# So wäre die Weihnachtsgeschichte heute....



## Mondenkynd (14. Dezember 2007)

Was, wenn Weihnachten nicht vor 2006 Jahren ,
sondern heute stattgefunden hätte ... ?

*Säugling in Stall gefunden - Polizei und Jugendamt ermitteln*

Schreiner aus Nazareth und unmündige Mutter vorläufig festgenommen

BETHLEHEM, JUDÄA -
In den frühen Morgenstunden wurden die Behörden von einem besorgten Bürger alarmiert. Er hatte eine junge Familie entdeckt, die in einem Stall haust.
Bei Ankunft fanden die Beamten des Sozialdienstes, die durch Polizeibeamte unterstützt wurden, einen Säugling, der von seiner erst 14-jährigen Mutter, einer gewissen Maria H. aus Nazareth, in Stoffstreifen gewickelt in eine Futterkrippe gelegt worden war.

Bei der Festnahme von Mutter und Kind versuchte ein Mann, der später als Joseph H., ebenfalls aus Nazareth identifiziert wurde, die Sozialarbeiter abzuhalten.
Joseph, unterstützt von anwesenden Hirten, sowie drei unidentifizierten Ausländern, wollte die Mitnahme des Kindes unterbinden, wurde aber von der Polizei daran gehindert.

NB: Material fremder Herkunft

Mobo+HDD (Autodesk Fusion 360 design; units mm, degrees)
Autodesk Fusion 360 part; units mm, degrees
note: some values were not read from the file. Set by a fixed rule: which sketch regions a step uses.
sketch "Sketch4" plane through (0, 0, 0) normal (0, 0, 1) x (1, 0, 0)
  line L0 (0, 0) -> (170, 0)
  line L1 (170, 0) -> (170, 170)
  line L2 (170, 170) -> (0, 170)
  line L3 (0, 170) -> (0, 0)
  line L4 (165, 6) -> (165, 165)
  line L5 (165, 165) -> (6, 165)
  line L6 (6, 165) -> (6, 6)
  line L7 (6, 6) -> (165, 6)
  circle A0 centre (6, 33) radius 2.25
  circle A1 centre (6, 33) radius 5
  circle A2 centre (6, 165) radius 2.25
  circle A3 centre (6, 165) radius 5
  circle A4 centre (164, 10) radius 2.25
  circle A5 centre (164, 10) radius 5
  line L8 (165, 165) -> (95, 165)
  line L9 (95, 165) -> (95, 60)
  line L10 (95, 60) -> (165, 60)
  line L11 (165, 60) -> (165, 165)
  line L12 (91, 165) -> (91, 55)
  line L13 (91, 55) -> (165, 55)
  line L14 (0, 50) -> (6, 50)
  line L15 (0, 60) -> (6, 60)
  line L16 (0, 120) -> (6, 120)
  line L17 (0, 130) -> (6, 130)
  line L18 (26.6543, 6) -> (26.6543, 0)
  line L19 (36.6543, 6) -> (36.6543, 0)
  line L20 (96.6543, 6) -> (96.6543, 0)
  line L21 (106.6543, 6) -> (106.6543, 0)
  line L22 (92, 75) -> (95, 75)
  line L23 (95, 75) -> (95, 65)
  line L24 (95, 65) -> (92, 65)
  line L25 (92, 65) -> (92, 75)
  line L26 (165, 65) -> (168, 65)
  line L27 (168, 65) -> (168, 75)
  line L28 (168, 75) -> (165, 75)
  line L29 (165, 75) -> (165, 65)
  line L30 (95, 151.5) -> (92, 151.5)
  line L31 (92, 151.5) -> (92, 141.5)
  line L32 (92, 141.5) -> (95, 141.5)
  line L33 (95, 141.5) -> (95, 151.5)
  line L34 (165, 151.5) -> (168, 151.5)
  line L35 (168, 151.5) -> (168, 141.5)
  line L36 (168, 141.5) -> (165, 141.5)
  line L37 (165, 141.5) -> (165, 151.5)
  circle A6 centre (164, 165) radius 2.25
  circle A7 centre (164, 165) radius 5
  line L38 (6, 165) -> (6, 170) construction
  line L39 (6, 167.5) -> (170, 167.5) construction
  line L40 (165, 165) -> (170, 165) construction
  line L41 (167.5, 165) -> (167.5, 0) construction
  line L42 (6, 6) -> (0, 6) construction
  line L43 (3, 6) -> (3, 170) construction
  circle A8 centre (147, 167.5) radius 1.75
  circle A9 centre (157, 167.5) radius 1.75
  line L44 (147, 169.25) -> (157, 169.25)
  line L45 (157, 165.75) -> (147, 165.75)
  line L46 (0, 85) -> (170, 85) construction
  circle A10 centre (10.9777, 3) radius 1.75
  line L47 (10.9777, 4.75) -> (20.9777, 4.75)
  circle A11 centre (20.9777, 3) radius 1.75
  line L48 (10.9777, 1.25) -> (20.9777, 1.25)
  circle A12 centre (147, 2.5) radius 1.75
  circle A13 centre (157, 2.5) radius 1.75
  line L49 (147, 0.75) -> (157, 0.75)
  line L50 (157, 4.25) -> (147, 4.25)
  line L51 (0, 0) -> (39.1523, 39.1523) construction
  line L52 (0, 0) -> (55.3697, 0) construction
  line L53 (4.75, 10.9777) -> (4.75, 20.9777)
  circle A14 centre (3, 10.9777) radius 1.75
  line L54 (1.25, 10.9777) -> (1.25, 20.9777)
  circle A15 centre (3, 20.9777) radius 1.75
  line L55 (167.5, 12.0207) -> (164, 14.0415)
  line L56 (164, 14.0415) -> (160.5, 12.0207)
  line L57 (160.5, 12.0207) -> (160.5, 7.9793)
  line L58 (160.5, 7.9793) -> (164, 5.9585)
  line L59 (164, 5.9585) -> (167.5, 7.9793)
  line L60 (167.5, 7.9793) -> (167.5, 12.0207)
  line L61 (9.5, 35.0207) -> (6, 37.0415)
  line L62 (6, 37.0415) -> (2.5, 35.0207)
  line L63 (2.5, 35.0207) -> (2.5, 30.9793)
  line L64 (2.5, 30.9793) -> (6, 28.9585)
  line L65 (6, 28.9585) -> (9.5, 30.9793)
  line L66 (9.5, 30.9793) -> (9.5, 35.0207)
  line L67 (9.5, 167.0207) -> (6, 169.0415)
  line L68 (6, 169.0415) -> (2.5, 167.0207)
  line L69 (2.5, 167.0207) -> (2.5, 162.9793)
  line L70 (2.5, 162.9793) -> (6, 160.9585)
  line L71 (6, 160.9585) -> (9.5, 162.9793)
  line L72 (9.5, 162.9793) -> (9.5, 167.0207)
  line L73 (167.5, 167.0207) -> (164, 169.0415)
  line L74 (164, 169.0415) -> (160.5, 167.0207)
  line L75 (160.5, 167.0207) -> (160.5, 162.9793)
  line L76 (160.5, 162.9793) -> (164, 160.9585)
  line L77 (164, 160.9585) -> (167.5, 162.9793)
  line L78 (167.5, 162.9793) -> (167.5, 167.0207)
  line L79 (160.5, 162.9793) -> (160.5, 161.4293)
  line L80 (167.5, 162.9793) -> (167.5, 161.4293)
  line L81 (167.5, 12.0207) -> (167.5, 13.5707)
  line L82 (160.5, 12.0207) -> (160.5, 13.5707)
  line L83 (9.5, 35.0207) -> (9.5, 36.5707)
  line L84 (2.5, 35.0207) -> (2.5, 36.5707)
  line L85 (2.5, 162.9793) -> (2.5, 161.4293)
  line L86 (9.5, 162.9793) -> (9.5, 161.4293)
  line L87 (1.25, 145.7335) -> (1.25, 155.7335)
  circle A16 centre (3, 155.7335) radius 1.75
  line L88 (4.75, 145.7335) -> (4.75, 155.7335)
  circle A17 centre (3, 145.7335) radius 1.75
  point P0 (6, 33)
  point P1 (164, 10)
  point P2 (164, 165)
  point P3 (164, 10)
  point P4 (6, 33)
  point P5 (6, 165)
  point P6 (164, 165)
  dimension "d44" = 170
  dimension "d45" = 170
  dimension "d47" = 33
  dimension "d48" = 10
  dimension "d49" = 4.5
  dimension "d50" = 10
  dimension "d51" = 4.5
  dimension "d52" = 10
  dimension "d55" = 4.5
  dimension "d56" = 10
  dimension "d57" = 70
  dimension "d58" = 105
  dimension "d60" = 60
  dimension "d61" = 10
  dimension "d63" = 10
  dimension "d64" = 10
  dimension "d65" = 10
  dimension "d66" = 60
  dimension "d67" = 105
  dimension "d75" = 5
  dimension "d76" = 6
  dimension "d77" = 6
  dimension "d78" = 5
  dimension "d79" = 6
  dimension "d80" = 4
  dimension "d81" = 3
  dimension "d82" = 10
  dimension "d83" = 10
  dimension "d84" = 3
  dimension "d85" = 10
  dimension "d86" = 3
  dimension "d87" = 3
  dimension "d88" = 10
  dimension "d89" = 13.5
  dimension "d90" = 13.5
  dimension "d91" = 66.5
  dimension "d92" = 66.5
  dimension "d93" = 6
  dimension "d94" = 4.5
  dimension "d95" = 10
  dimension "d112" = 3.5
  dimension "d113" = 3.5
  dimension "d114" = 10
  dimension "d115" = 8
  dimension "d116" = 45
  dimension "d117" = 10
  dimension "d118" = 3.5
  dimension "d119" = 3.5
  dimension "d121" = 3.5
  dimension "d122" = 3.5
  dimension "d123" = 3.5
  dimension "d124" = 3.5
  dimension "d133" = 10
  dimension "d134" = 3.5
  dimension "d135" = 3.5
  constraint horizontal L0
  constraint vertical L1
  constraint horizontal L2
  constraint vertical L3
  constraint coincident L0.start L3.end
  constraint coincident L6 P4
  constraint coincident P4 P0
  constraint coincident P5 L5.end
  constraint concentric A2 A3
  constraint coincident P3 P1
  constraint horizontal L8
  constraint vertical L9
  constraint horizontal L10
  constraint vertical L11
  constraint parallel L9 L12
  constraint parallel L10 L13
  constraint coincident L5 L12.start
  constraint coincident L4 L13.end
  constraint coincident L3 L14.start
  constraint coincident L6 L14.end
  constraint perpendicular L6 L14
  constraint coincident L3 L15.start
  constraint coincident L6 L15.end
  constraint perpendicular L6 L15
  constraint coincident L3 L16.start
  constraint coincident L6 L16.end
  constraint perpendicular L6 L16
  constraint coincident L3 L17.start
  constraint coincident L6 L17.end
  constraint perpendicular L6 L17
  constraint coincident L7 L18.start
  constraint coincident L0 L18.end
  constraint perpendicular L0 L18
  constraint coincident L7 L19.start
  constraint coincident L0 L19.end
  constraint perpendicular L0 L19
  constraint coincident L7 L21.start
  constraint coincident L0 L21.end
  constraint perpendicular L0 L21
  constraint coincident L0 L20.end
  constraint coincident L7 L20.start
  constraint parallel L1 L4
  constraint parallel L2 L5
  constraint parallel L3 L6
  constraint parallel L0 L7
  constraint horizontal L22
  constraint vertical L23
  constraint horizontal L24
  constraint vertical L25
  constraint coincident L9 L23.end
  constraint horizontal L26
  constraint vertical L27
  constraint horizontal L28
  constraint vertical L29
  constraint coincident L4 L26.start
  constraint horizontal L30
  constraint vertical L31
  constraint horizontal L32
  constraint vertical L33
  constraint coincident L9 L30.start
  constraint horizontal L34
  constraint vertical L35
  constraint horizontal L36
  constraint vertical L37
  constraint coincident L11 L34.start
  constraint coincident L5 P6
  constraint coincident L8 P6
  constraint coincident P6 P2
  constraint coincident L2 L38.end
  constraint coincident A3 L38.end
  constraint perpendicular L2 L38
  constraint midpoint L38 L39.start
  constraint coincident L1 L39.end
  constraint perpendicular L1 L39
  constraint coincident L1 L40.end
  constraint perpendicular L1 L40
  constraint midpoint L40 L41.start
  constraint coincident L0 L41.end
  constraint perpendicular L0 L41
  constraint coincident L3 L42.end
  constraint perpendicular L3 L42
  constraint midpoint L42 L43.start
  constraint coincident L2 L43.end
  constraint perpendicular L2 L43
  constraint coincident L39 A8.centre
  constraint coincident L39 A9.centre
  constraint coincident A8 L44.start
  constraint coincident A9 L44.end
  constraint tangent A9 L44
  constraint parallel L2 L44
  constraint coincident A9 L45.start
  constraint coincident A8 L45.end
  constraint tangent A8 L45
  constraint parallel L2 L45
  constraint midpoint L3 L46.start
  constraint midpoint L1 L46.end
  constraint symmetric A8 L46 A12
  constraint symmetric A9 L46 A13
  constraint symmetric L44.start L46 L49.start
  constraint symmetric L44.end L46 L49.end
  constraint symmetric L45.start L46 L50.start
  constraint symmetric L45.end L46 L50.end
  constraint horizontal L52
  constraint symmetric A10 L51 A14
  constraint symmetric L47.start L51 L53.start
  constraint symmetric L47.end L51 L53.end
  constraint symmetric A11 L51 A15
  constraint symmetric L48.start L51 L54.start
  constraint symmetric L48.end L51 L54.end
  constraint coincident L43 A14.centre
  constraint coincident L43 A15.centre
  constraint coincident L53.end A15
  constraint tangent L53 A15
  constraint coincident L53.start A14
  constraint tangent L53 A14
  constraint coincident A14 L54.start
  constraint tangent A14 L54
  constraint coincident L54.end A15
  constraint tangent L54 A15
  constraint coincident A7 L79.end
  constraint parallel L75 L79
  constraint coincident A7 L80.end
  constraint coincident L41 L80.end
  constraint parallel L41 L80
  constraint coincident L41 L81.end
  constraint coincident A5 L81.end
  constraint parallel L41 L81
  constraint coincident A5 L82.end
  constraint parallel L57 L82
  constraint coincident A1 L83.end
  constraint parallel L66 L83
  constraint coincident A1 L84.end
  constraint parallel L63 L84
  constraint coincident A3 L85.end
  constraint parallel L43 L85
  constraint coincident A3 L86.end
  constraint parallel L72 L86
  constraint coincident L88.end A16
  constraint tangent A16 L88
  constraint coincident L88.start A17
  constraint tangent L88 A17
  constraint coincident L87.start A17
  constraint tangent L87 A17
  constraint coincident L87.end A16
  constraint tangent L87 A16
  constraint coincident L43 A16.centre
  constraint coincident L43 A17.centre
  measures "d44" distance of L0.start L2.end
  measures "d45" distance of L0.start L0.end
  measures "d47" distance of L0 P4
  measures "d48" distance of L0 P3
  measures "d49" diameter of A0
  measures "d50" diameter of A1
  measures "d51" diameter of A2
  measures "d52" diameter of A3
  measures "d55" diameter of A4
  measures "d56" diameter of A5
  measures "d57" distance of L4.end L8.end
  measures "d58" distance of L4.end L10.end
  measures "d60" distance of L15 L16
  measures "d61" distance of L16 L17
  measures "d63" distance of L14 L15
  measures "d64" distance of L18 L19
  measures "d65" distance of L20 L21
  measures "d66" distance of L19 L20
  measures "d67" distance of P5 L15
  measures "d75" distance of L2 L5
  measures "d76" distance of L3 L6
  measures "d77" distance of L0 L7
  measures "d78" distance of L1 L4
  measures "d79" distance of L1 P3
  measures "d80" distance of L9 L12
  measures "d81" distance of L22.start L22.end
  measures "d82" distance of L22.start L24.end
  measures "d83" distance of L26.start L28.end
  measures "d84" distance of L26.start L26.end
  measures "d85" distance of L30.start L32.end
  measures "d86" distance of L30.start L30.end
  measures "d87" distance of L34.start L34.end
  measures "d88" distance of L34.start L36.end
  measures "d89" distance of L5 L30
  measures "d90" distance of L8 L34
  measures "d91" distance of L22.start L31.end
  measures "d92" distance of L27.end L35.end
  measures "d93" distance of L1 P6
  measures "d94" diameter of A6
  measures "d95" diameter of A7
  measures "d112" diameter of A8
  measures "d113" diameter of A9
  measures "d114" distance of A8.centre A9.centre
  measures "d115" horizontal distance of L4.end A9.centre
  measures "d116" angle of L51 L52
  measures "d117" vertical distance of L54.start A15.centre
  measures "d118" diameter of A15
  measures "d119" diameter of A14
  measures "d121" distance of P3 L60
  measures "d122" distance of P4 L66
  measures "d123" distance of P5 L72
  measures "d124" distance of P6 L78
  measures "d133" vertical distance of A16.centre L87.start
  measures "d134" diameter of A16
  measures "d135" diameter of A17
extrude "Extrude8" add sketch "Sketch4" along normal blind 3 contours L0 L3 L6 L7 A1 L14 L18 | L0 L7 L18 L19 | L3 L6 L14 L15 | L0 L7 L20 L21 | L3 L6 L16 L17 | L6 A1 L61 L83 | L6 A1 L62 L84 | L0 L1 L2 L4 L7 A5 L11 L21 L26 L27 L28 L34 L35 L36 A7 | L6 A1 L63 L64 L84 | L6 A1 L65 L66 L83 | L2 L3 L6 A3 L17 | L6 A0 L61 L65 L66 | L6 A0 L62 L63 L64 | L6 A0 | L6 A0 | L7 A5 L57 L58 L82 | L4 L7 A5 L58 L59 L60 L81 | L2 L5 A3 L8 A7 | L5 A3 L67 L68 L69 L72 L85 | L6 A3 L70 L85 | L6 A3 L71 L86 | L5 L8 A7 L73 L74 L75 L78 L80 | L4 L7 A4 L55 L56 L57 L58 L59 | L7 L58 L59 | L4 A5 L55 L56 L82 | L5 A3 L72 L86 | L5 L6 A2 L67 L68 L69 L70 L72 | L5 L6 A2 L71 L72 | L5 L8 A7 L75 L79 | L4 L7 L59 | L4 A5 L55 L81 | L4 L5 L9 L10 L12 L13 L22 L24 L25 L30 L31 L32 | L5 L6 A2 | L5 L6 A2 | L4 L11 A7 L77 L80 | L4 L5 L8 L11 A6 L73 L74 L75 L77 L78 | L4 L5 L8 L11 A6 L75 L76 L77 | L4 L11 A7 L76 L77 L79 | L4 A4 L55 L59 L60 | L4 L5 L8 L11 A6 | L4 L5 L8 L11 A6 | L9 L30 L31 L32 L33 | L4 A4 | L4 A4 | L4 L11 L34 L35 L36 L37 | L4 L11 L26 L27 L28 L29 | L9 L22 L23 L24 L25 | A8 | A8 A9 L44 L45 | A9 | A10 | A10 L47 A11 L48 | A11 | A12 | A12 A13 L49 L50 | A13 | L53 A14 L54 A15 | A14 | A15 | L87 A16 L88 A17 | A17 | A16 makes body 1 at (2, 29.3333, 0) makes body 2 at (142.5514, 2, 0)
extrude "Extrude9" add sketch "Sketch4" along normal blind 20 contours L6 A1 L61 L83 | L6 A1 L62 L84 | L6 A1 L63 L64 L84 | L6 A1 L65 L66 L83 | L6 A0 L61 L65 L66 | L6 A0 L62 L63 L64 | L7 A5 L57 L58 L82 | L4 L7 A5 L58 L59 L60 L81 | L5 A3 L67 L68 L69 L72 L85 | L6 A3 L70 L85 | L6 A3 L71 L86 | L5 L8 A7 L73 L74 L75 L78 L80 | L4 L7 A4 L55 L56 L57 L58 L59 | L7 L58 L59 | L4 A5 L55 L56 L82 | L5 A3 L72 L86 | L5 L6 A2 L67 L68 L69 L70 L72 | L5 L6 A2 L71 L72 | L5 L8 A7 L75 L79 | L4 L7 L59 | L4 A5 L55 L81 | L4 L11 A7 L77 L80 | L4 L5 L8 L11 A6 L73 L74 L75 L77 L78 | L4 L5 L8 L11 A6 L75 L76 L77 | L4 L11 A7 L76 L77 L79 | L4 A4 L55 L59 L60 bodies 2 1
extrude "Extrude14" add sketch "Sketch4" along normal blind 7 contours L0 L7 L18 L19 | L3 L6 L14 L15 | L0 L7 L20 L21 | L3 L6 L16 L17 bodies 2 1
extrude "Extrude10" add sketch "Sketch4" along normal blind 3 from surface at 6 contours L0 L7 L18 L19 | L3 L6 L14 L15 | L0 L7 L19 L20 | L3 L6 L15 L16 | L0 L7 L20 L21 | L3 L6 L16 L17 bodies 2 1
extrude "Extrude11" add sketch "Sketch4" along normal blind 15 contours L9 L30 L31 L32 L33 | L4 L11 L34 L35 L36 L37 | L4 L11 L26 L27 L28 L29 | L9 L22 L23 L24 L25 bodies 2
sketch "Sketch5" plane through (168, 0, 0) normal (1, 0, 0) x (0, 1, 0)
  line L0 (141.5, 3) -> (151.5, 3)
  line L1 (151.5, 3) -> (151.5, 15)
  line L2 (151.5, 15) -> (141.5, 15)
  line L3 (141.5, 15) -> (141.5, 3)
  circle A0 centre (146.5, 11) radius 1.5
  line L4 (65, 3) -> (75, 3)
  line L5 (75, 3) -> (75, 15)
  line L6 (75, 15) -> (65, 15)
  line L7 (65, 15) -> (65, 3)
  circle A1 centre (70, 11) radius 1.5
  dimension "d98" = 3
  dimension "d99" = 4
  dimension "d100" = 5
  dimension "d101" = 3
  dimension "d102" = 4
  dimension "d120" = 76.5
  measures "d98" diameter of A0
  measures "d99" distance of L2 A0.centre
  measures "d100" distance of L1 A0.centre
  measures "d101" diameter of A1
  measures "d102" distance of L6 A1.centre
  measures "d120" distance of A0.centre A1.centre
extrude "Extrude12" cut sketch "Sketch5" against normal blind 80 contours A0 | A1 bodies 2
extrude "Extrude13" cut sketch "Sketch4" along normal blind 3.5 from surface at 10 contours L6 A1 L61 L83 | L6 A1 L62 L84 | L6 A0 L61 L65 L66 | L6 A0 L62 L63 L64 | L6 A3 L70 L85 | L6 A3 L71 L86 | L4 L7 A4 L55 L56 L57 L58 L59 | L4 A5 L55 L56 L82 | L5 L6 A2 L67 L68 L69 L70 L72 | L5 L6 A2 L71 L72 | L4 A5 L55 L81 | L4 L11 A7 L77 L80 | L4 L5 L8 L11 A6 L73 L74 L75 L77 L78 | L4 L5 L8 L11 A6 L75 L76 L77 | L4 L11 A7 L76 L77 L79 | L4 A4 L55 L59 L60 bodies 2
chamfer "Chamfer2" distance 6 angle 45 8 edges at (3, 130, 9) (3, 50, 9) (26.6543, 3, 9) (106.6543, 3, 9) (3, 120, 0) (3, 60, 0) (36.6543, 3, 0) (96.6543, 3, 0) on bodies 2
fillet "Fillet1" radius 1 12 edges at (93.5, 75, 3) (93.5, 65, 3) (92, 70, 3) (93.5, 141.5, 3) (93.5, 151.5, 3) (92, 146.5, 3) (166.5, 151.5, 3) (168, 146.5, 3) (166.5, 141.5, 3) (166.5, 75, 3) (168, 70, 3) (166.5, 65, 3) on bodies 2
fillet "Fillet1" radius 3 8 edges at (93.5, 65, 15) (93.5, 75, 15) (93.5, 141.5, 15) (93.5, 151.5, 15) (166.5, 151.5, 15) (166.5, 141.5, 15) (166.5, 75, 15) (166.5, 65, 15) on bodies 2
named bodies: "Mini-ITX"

Festgenommen wurden auch die drei Ausländer, die sich als "weise Männer"
eines östlichen Landes bezeichneten. Sowohl das Innenministerium als auch der Zoll sind auf der Suche nach Hinweisen über die Herkunft dieser drei Männer, die sich anscheinend illegal im Land aufhalten. Ein Sprecher der Polizei teilte mit, dass sie keinerlei Identifikation bei sich trugen, aber in Besitz von Gold, sowie einigen möglicherweise verbotenen Substanzen waren. Sie widersetzten sich der Festnahme und behaupteten, Gott habe ihn angetragen, sofort nach Hause zu gehen und jeden Kontakt mit offiziellen Stellen zu vermeiden. Die mitgeführten Chemikalien wurden zur weiteren Untersuchung in das Kriminallabor geschickt.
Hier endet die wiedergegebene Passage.